For the records below, copy exactly the span that begins at the line containing "Subsystem : Subsystem" and stops after the line containing "SenserIdData : DataStoreMemory", minus any pictures.

━━━━━ Records for the task

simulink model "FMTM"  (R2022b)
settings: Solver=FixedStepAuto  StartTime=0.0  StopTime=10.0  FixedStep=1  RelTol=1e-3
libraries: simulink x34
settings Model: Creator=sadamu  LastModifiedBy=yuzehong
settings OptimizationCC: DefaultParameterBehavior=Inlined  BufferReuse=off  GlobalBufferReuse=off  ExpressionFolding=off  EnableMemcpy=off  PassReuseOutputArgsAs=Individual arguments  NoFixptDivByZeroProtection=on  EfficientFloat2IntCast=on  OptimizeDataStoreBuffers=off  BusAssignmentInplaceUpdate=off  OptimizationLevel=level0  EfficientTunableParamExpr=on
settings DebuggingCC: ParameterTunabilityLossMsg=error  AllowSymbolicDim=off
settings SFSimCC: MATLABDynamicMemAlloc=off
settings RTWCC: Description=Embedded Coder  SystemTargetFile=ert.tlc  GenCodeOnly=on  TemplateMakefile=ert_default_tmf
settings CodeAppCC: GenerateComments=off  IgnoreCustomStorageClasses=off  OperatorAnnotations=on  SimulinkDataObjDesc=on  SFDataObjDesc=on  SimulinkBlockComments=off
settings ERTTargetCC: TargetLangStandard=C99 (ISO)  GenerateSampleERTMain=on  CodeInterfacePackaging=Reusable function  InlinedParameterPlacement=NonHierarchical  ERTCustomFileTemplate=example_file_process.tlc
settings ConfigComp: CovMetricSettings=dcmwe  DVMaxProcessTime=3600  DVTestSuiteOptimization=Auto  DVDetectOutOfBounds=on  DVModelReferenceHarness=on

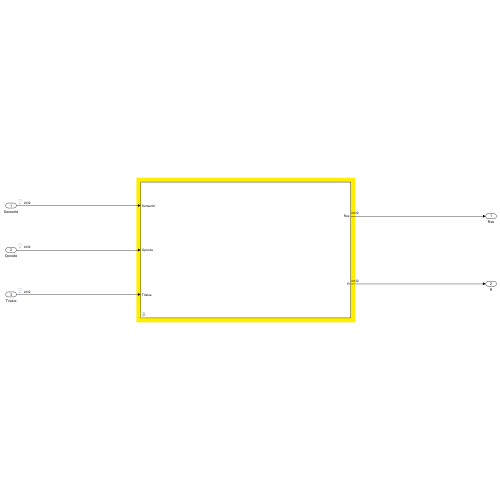
[thumbnail: Simulink's stored preview of the top-level diagram]
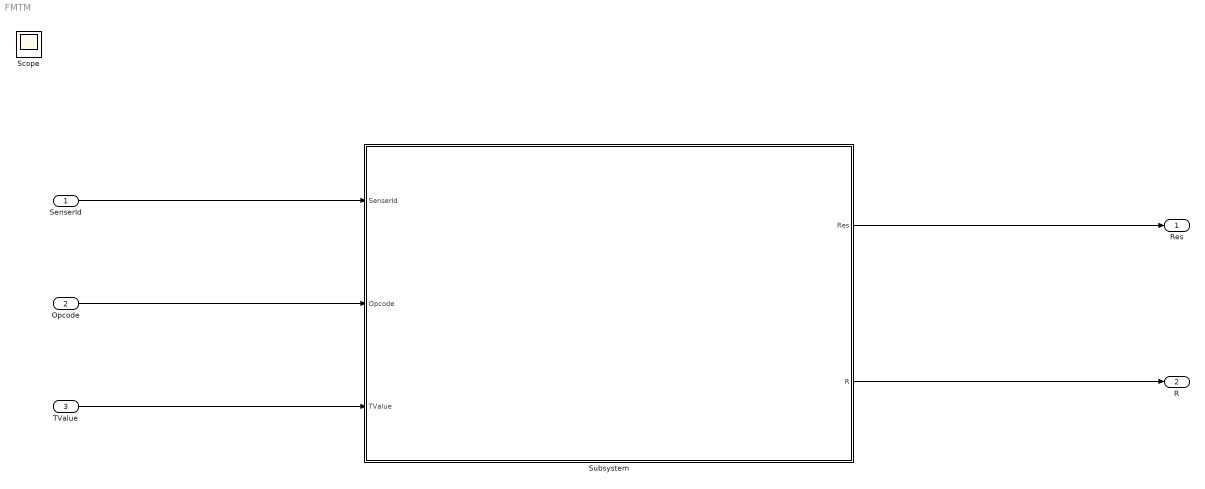
== system FMTM ==
  SenserId : Inport  OutDataTypeStr=int32
  Opcode : Inport  Port=2  OutDataTypeStr=int32
  TValue : Inport  Port=3  OutDataTypeStr=int32
  Subsystem : Subsystem  mask{POOL_SIZE=256}
      mask DialogControl ParameterGroupVar Prompt: 参数
  Res : Outport
  R : Outport  Port=2
  Scope : Scope
  wires:
  SenserId/1 -> Subsystem/1(SenserId)
  Opcode/1 -> Subsystem/2(Opcode)
  TValue/1 -> Subsystem/3(TValue)
  Subsystem/1(Res) -> Res/1
  Subsystem/2(R) -> R/1

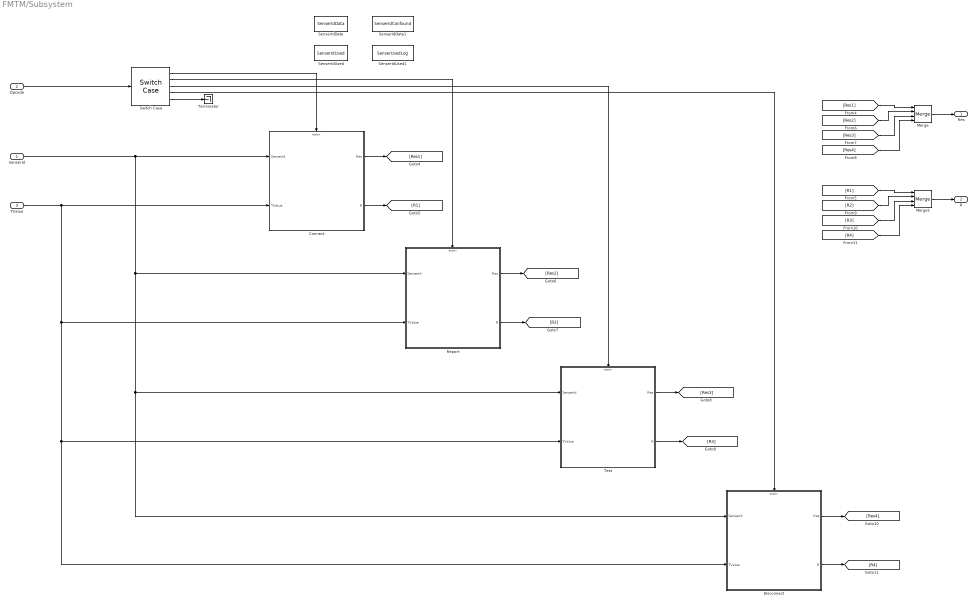
== system FMTM/Subsystem ==
  SenserId : Inport
  Opcode : Inport  Port=2
  TValue : Inport  Port=3
  Connect : Subsystem  TreatAsAtomicUnit=on
  Disconnect : Subsystem  TreatAsAtomicUnit=on
  Merge : Merge  Inputs=4
  Merge1 : Merge  Inputs=4
  Report : Subsystem  TreatAsAtomicUnit=on
  SenserIdData : DataStoreMemory  DataStoreName=SenserIdData  WriteAfterWriteMsg=warning  ShowAdditionalParam=off  OutDataTypeStr=int32  Dimensions=POOL_SIZE
  SenserIdData1 : DataStoreMemory  DataStoreName=SenserIdConfound  WriteAfterWriteMsg=warning  ShowAdditionalParam=off  OutDataTypeStr=int32  Dimensions=POOL_SIZE
  SenserIdUsed : DataStoreMemory  DataStoreName=SenserIdUsed  WriteAfterWriteMsg=warning  ShowAdditionalParam=off  OutDataTypeStr=int32  Dimensions=POOL_SIZE
  SenserIdUsed1 : DataStoreMemory  DataStoreName=SenserUsedLog  WriteAfterWriteMsg=warning  ShowAdditionalParam=off  OutDataTypeStr=int32  Dimensions=POOL_SIZE
  Switch Case : SwitchCase  CaseConditions={1, 3, 4, 5}
  Terminator : Terminator
  Test : Subsystem  TreatAsAtomicUnit=on
  Res : Outport
  R : Outport  Port=2
  wires:
  Connect/1(Res) -> [Res1]
  Opcode/1 -> Switch Case/1
  Test/1(Res) -> [Res3]
  [R4] -> Merge1/4
  [Res1] -> Merge/1
  [R1] -> Merge1/1
  Disconnect/2(R) -> [R4]
  Test/2(R) -> [R3]
  Connect/2(R) -> [R1]
  [Res3] -> Merge/3
  [Res2] -> Merge/2
  [Res4] -> Merge/4
  [R2] -> Merge1/2
  Report/1(Res) -> [Res2]
  [R3] -> Merge1/3
  Switch Case/2 -> Report/Action
  Report/2(R) -> [R2]
  Switch Case/4 -> Disconnect/Action
  SenserId/1 -> Connect/1(SenserId), Test/1(SenserId), Disconnect/1(SenserId), Report/1(SenserId)
  Switch Case/3 -> Test/Action
  TValue/1 -> Connect/2(TValue), Report/2(TValue), Test/2(TValue), Disconnect/2(TValue)
  Disconnect/1(Res) -> [Res4]
  Switch Case/1 -> Connect/Action
  Merge1/1 -> R/1
  Merge/1 -> Res/1
  Switch Case/5 -> Terminator/1

== system FMTM/Subsystem/Connect ==
  SenserId : Inport
  TValue : Inport  Port=2
  Action Port : ActionPort  ActionPortLabel=case [ 1 ]:
  Compare To Constant : simulink/Logic and Bit Operations/Compare To Constant  relop===  const=0  OutDataTypeStr=boolean
  Error : Subsystem  TreatAsAtomicUnit=on
  Handle : Subsystem  TreatAsAtomicUnit=on
  If : If  IfExpression=u1 ~= 0
  Merge : Merge
  Merge1 : Merge
  Res : Outport
  R : Outport  Port=2
  wires:
  SenserId/1 -> Handle/1(SenserId), Compare To Constant/1
  Compare To Constant/1 -> If/1
  If/1 -> Error/Action
  If/2 -> Handle/Action
  Error/1(Res) -> Merge/1
  Handle/1(Res) -> Merge/2
  Merge/1 -> Res/1
  Merge1/1 -> R/1
  Error/2(R) -> Merge1/1
  Handle/2(R) -> Merge1/2
  TValue/1 -> Handle/2(TValue)

== system FMTM/Subsystem/Disconnect ==
  SenserId : Inport
  TValue : Inport  Port=2
  Action Port : ActionPort  ActionPortLabel=case [ 5 ]:
  Compare To Constant : simulink/Logic and Bit Operations/Compare To Constant  relop===  const=0  OutDataTypeStr=boolean
  Error : Subsystem  TreatAsAtomicUnit=on
  Handle : Subsystem  TreatAsAtomicUnit=on
  If : If  IfExpression=u1 ~= 0
  Merge : Merge
  Merge1 : Merge
  Res : Outport
  R : Outport  Port=2
  wires:
  SenserId/1 -> Handle/1(SenserId), Compare To Constant/1
  Compare To Constant/1 -> If/1
  Error/2(R) -> Merge1/1
  TValue/1 -> Handle/2(TValue)
  Handle/1(Res) -> Merge/2
  Merge1/1 -> R/1
  Error/1(Res) -> Merge/1
  Merge/1 -> Res/1
  If/1 -> Error/Action
  If/2 -> Handle/Action
  Handle/2(R) -> Merge1/2

== system FMTM/Subsystem/Report ==
  SenserId : Inport
  TValue : Inport  Port=2
  Action Port : ActionPort  ActionPortLabel=case [ 3 ]:
  Compare To Constant : simulink/Logic and Bit Operations/Compare To Constant  relop===  const=0  OutDataTypeStr=boolean
  Error : Subsystem  TreatAsAtomicUnit=on
  Handle : Subsystem  TreatAsAtomicUnit=on
  If : If  IfExpression=u1 ~= 0
  Merge : Merge
  Merge1 : Merge
  Res : Outport
  R : Outport  Port=2
  wires:
  TValue/1 -> Handle/2(TValue)
  Merge/1 -> Res/1
  Error/2(R) -> Merge1/1
  If/1 -> Error/Action
  If/2 -> Handle/Action
  Merge1/1 -> R/1
  SenserId/1 -> Handle/1(SenserId), Compare To Constant/1
  Error/1(Res) -> Merge/1
  Handle/2(R) -> Merge1/2
  Handle/1(Res) -> Merge/2
  Compare To Constant/1 -> If/1

== system FMTM/Subsystem/Test ==
  SenserId : Inport
  TValue : Inport  Port=2
  Action Port : ActionPort  ActionPortLabel=case [ 4 ]:
  Compare To Constant : simulink/Logic and Bit Operations/Compare To Constant  relop===  const=0  OutDataTypeStr=boolean
  Error : Subsystem  TreatAsAtomicUnit=on
  Handle : Subsystem  TreatAsAtomicUnit=on
  If : If  IfExpression=u1 ~= 0
  Merge : Merge
  Merge1 : Merge
  Res : Outport
  R : Outport  Port=2
  wires:
  TValue/1 -> Handle/2(TValue)
  Merge/1 -> Res/1
  Error/2(R) -> Merge1/1
  If/1 -> Error/Action
  If/2 -> Handle/Action
  Merge1/1 -> R/1
  SenserId/1 -> Handle/1(SenserId), Compare To Constant/1
  Error/1(Res) -> Merge/1
  Handle/2(R) -> Merge1/2
  Handle/1(Res) -> Merge/2
  Compare To Constant/1 -> If/1

== system FMTM/Subsystem/Connect/Error ==
  Action Port : ActionPort  ActionPortLabel=if(u1 ~= 0)
  Constant : Constant  Value=-2  OutDataTypeStr=int32
  Constant1 : Constant  Value=0  OutDataTypeStr=int32
  Res : Outport
  R : Outport  Port=2
  wires:
  Constant/1 -> Res/1
  Constant1/1 -> R/1

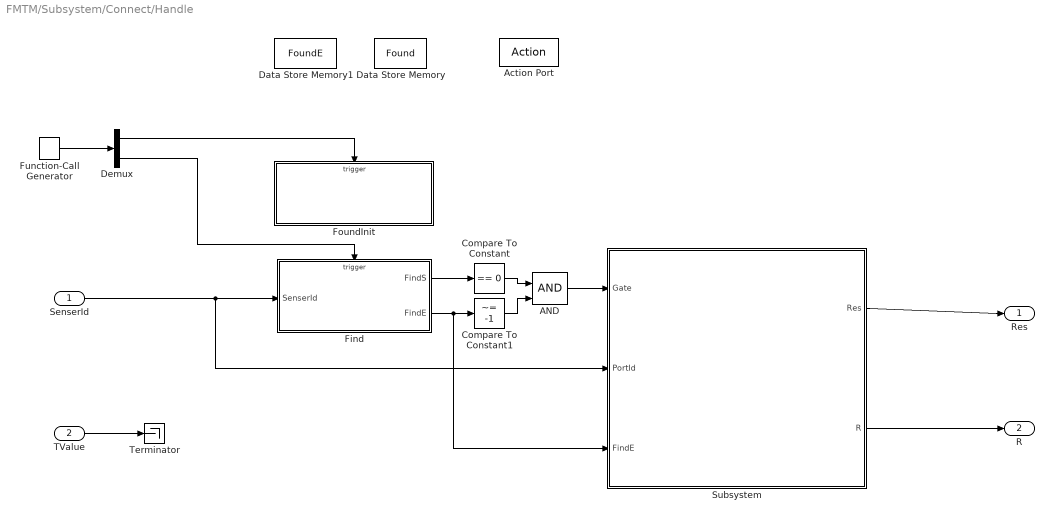
== system FMTM/Subsystem/Connect/Handle ==
  SenserId : Inport
  TValue : Inport  Port=2
  Action Port : ActionPort  ActionPortLabel=else
  AND : Logic  IconShape=distinctive  AllPortsSameDT=off  OutDataTypeStr=boolean
  Compare To Constant : simulink/Logic and Bit Operations/Compare To Constant  relop===  const=0  OutDataTypeStr=boolean
  Compare To Constant1 : simulink/Logic and Bit Operations/Compare To Constant  relop=~=  const=-1  OutDataTypeStr=boolean
  Data Store Memory : DataStoreMemory  DataStoreName=Found  WriteAfterWriteMsg=warning  ShowAdditionalParam=off  OutDataTypeStr=boolean
  Data Store Memory1 : DataStoreMemory  DataStoreName=FoundE  WriteAfterWriteMsg=warning  InitialValue=-1  ShowAdditionalParam=off  OutDataTypeStr=int32
  Demux : Demux  Outputs=2
  Find : Subsystem
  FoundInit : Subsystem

━━━━━━━━━━

▶ **Answer to the problem**
  Subsystem : Subsystem  mask{POOL_SIZE=256}
      mask DialogControl ParameterGroupVar Prompt: 参数
  Res : Outport
  R : Outport  Port=2
  Scope : Scope
  wires:
  SenserId/1 -> Subsystem/1(SenserId)
  Opcode/1 -> Subsystem/2(Opcode)
  TValue/1 -> Subsystem/3(TValue)
  Subsystem/1(Res) -> Res/1
  Subsystem/2(R) -> R/1

== system FMTM/Subsystem ==
  SenserId : Inport
  Opcode : Inport  Port=2
  TValue : Inport  Port=3
  Connect : Subsystem  TreatAsAtomicUnit=on
  Disconnect : Subsystem  TreatAsAtomicUnit=on
  Merge : Merge  Inputs=4
  Merge1 : Merge  Inputs=4
  Report : Subsystem  TreatAsAtomicUnit=on
  SenserIdData : DataStoreMemory  DataStoreName=SenserIdData  WriteAfterWriteMsg=warning  ShowAdditionalParam=off  OutDataTypeStr=int32  Dimensions=POOL_SIZE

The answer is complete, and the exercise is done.